Re: VACUUM PARALLEL option vs. max_parallel_maintenance_workers

From: Amit Kapila <amit(dot)kapila16(at)gmail(dot)com>
To: Peter Eisentraut <peter(dot)eisentraut(at)2ndquadrant(dot)com>
Cc: pgsql-hackers <pgsql-hackers(at)postgresql(dot)org>
Subject: Re: VACUUM PARALLEL option vs. max_parallel_maintenance_workers
Date: 2020-09-21 03:48:24
Message-ID: CAA4eK1+gD7jAP4wqx8+wNhqpc8cM_7o2WvVBa0OVXLsgoDFHqA@mail.gmail.com
Views: Raw Message | Whole Thread | Download mbox | Resend email
Thread:
Lists: pgsql-hackers

On Sun, Sep 20, 2020 at 7:15 PM Peter Eisentraut
<peter(dot)eisentraut(at)2ndquadrant(dot)com> wrote:
>
> On 2020-09-19 13:24, Amit Kapila wrote:
> >> I think the implemented behavior is wrong.
> >
> > It is the same as what we do for other parallel operations, for
> > example, we limit the number of parallel workers for parallel create
> > index by 'max_parallel_maintenance_workers' and parallel scan
> > operations are limited by 'max_parallel_workers_per_gather'.
>
> But in those cases we don't provide user-visible options to specify a
> per-command setting, so it's not the same thing, is it?
>

Not exactly but there also we have a way for the user to set the value
(using 'parallel_workers' during Create Table or Alter Table) which
will guide the parallel scans.

> >> The VACUUM PARALLEL option
> >> should override the max_parallel_maintenance_worker setting.
> >>
> >> Otherwise, what's the point of the command option?
> >
> > It is for the cases where the user has a better idea of workload.
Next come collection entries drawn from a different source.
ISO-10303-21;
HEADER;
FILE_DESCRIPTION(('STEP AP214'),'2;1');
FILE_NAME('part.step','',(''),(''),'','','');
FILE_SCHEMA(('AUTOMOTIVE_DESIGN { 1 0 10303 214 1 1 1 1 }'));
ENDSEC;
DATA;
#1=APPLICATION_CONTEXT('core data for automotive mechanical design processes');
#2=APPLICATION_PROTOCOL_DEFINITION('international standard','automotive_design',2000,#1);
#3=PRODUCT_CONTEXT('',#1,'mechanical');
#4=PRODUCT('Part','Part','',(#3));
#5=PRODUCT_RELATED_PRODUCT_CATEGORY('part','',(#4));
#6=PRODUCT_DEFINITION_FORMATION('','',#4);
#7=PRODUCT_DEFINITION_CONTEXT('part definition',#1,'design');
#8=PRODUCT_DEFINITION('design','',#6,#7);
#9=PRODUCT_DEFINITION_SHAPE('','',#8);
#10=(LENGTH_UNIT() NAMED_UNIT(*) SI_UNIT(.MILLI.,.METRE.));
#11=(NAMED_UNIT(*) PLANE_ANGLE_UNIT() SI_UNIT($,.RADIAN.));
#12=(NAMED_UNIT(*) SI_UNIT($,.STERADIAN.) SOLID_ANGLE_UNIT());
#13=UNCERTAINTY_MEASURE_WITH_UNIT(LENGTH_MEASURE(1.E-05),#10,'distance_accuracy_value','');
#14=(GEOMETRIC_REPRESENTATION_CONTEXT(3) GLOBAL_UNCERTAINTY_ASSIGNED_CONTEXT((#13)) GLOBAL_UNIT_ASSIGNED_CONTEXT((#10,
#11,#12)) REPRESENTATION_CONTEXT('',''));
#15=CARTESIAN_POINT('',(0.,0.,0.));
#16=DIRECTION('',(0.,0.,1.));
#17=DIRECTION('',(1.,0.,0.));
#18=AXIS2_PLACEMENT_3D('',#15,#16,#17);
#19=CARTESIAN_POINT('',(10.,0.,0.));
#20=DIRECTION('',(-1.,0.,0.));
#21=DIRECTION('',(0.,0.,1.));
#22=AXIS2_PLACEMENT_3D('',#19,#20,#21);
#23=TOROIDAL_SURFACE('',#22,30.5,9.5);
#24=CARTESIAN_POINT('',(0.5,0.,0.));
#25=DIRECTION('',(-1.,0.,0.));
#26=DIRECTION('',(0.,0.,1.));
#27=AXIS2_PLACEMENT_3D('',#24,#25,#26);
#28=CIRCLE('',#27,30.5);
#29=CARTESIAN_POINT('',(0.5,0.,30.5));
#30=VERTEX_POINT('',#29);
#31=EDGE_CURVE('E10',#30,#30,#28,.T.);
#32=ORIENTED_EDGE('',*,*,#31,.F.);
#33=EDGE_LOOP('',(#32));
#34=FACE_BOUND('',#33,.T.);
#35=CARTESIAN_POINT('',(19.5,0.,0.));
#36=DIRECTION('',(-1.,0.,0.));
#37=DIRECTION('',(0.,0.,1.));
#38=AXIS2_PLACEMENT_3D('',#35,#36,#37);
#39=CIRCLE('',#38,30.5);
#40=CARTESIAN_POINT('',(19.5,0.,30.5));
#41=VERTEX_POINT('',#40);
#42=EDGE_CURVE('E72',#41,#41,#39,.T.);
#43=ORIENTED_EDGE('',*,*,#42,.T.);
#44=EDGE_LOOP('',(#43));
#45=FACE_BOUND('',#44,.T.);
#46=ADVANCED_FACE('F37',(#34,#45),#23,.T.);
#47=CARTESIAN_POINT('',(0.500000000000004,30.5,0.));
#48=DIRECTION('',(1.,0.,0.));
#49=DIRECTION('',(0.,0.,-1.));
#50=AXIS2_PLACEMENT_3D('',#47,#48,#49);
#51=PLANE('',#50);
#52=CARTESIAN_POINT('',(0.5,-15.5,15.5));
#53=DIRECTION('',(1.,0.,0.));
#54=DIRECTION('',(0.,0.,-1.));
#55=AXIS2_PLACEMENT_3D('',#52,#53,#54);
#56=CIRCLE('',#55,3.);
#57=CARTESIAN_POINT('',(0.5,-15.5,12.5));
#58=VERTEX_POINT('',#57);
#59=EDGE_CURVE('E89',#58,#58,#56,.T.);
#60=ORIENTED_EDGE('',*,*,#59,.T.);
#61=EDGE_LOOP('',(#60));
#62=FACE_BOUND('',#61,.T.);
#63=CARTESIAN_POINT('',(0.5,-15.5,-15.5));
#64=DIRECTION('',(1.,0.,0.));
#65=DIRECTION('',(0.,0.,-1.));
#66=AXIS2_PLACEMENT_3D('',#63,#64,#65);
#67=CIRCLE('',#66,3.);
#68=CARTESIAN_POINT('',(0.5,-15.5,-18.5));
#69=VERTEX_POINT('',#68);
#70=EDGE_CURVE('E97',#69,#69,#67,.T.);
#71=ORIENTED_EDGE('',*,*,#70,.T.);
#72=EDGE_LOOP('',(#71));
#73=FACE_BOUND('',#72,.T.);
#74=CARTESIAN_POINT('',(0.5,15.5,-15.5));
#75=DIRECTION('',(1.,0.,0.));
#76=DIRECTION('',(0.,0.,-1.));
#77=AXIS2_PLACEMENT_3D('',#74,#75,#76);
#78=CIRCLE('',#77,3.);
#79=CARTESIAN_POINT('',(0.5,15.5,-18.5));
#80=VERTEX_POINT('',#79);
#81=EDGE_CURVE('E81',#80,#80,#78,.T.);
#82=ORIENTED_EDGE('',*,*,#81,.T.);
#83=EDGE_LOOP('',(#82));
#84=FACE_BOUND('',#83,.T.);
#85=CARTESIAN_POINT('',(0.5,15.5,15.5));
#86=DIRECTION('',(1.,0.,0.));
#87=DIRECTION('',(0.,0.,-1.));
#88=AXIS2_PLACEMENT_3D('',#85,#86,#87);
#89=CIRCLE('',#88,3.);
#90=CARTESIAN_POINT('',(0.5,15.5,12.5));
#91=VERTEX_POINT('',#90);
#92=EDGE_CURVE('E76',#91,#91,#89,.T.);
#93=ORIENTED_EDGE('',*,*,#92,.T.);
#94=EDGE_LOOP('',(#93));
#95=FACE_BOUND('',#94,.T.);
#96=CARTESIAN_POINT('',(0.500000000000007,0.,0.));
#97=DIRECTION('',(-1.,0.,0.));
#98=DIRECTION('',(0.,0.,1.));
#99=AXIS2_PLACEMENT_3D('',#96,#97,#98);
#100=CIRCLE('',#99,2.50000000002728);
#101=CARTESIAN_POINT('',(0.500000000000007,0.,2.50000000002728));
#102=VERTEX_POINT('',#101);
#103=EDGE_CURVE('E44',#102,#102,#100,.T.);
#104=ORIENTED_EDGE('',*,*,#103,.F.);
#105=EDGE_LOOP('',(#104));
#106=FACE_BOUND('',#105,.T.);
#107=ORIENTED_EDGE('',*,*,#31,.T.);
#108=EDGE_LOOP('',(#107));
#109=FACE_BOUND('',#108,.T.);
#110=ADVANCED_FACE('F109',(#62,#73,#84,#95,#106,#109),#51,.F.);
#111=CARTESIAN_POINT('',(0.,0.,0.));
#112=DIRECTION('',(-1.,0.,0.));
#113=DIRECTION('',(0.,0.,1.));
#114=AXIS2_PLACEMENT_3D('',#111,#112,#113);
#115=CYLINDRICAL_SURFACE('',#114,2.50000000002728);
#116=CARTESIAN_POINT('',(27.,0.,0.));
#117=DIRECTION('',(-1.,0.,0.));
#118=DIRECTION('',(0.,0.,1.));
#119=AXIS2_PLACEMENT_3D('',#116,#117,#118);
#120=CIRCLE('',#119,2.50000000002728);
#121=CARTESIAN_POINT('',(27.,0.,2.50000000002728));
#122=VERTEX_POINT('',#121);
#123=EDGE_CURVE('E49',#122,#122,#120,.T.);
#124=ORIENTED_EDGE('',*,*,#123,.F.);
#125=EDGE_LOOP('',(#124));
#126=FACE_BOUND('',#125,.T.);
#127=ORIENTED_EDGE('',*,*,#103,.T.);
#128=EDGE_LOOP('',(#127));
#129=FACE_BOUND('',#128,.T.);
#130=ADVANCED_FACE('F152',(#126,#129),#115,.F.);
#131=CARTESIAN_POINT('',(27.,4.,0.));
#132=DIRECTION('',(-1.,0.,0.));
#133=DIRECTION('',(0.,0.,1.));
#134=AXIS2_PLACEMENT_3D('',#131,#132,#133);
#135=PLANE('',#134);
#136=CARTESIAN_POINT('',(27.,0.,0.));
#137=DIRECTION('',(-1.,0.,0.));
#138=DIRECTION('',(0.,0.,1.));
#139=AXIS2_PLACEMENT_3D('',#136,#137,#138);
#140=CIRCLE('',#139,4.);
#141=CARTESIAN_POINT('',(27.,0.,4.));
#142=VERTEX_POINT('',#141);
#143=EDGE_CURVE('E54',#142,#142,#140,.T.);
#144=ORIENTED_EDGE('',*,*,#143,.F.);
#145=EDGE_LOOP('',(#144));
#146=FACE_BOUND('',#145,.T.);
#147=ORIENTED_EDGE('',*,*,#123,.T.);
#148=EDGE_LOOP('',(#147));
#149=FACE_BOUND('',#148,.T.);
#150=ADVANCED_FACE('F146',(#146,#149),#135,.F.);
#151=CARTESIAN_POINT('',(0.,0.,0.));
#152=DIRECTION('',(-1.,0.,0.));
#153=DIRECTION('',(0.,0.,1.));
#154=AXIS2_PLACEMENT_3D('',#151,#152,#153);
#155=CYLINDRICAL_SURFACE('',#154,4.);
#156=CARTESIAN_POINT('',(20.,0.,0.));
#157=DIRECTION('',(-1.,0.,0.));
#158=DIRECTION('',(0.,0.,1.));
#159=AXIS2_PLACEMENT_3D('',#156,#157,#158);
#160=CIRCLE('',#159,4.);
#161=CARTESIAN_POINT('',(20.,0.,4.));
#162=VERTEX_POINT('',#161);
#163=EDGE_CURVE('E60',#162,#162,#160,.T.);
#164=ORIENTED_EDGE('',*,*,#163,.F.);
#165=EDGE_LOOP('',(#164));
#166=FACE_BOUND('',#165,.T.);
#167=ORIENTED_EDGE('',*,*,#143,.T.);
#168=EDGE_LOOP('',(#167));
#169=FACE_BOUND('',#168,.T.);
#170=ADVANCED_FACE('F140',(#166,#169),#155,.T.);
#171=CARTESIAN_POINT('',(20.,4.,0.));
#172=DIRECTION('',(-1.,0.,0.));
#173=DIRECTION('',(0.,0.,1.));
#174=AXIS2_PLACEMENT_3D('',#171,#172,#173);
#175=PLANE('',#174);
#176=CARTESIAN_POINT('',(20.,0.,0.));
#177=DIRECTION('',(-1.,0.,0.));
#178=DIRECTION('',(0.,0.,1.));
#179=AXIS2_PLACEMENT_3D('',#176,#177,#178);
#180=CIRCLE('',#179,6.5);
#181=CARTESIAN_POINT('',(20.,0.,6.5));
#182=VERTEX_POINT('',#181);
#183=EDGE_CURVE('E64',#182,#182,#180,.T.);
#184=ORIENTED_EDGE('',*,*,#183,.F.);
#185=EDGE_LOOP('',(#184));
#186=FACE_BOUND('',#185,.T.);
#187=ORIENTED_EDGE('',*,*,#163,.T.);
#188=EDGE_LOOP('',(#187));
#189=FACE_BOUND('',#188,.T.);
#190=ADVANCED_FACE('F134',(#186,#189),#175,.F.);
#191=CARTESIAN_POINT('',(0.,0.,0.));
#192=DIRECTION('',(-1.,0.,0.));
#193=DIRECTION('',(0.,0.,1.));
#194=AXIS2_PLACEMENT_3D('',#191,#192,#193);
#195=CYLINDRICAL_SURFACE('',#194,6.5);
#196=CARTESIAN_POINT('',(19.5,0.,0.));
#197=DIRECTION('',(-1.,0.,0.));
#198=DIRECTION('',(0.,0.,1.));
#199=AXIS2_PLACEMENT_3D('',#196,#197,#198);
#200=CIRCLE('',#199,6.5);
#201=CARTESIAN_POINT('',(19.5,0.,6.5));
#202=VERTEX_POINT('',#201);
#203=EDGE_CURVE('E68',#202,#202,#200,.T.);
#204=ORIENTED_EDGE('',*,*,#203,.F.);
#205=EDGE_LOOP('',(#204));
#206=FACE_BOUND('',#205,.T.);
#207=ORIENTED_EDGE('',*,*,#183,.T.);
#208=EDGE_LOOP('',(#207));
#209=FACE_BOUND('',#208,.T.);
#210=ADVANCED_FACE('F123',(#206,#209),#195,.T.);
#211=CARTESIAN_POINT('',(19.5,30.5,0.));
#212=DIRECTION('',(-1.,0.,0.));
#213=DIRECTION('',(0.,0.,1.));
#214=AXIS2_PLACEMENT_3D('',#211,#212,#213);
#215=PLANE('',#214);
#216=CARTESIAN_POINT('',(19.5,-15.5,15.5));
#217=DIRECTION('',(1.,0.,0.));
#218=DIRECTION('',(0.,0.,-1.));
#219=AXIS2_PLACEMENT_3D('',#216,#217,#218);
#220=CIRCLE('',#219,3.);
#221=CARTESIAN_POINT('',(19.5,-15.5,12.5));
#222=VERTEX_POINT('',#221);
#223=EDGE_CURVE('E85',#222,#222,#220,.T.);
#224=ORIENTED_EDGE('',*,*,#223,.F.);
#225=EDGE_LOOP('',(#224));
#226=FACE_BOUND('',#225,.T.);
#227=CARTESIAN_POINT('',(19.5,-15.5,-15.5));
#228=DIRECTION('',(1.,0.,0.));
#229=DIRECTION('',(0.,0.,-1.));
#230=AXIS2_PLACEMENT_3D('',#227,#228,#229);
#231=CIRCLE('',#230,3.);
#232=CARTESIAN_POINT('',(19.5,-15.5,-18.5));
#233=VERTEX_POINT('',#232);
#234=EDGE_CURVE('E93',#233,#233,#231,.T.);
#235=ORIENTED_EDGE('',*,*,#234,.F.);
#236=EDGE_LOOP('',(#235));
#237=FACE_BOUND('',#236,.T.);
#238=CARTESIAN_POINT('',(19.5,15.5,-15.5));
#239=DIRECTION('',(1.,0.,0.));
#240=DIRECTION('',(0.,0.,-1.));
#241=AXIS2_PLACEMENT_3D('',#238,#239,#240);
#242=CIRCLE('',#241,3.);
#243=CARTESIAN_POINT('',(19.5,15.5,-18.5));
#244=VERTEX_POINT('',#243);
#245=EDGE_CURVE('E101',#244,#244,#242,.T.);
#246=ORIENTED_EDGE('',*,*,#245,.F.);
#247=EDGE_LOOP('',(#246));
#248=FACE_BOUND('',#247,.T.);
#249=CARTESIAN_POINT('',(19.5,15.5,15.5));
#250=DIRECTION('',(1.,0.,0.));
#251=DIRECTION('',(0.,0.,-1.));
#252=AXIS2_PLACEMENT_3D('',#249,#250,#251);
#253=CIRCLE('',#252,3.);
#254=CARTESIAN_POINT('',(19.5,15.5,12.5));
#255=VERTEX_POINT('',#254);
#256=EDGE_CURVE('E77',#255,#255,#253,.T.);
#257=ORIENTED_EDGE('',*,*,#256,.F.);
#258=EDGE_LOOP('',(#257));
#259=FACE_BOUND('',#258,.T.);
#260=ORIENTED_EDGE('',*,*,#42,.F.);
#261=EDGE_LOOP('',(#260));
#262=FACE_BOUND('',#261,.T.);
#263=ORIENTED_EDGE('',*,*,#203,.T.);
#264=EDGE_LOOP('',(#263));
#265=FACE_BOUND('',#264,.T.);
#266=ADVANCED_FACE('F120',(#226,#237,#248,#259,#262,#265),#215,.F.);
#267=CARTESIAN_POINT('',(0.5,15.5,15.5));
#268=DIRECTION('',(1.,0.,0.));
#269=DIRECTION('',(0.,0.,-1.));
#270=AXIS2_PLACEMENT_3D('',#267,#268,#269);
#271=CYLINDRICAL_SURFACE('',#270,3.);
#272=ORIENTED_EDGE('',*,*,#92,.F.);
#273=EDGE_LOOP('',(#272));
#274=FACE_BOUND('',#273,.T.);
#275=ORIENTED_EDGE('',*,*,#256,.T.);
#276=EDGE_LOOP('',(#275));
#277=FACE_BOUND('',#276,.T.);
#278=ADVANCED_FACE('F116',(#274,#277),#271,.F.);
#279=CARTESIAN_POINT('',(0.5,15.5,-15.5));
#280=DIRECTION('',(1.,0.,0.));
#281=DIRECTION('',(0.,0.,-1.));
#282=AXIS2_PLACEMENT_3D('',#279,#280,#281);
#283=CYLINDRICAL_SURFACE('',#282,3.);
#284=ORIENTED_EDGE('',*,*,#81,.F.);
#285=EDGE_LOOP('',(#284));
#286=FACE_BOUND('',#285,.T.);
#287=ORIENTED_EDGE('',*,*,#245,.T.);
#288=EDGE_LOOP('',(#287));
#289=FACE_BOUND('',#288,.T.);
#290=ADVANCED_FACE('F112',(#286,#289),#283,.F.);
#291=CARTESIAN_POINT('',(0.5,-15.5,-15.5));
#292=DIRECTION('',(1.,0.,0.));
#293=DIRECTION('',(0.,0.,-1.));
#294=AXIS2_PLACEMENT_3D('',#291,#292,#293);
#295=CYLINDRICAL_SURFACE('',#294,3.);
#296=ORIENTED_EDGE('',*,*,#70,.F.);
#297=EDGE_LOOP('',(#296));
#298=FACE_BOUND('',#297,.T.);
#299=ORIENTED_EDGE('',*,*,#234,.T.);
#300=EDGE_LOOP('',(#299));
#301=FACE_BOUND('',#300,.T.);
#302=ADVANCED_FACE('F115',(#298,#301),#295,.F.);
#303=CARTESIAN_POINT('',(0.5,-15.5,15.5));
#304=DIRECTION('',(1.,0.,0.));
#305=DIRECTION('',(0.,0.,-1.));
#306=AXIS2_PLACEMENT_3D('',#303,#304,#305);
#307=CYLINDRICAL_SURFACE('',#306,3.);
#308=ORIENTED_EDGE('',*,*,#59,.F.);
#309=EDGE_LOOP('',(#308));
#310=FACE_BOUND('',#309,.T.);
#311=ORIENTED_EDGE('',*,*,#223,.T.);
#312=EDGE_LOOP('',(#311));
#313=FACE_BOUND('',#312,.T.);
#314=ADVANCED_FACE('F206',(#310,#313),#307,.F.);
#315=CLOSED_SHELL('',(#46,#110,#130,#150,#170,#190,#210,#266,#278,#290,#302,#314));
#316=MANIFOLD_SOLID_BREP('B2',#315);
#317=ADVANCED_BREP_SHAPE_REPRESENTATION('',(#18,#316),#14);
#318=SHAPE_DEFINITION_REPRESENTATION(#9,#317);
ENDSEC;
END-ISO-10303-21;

We
> > can launch only a limited number of parallel workers
> > 'max_parallel_workers' in the system, so sometimes users would like to
> > use it as per their requirement.
>
> Right, but my point is, it doesn't actually do that correctly. I can't
> just say, oh, I have a maintenance window, I'd like to run a really fast
> VACUUM. The PARALLEL option is capped by the setting you'd normally use
> anyway, so specifying it is useless.
>

Yeah, because by default we choose the maximum number of possible
workers for Vacuum.

> The only thing it can do right now is if you want to run a manual VACUUM
> less parallel than by default. But I don't see how that is often useful.
>

Say when indexes that support parallel scan are not very big then we
don't need the default behavior because it will use more resources
while providing not much additional benefit.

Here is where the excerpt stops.